Dataset records Block Start

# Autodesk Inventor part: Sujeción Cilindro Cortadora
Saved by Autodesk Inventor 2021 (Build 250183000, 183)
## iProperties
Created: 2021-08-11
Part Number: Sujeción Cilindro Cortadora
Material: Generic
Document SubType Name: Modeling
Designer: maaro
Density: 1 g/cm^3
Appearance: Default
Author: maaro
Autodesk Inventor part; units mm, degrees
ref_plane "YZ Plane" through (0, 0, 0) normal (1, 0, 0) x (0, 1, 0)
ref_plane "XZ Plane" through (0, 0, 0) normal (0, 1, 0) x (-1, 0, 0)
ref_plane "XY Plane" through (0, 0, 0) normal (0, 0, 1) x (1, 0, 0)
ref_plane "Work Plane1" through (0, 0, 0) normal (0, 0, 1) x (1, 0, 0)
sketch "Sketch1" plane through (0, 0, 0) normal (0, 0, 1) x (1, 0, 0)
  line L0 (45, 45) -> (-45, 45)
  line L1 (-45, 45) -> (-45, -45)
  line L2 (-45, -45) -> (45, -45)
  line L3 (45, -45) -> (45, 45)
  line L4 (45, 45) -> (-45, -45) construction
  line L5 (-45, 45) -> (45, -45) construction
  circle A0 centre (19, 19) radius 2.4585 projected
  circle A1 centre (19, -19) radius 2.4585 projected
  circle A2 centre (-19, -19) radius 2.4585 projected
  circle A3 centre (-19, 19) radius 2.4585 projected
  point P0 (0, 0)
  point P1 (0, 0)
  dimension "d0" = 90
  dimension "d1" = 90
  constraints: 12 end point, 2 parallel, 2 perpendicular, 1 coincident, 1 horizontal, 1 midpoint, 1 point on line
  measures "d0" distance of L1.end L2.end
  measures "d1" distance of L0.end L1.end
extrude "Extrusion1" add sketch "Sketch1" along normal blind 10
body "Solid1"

Dataset records Block End

About this exercise: Beginning at the line containing "circle A2 centre", repeat each line exactly through the last line of the entries, and include no other lines.

Worked solution:
  circle A2 centre (-19, -19) radius 2.4585 projected
  circle A3 centre (-19, 19) radius 2.4585 projected
  point P0 (0, 0)
  point P1 (0, 0)
  dimension "d0" = 90
  dimension "d1" = 90
  constraints: 12 end point, 2 parallel, 2 perpendicular, 1 coincident, 1 horizontal, 1 midpoint, 1 point on line
  measures "d0" distance of L1.end L2.end
  measures "d1" distance of L0.end L1.end
extrude "Extrusion1" add sketch "Sketch1" along normal blind 10
body "Solid1"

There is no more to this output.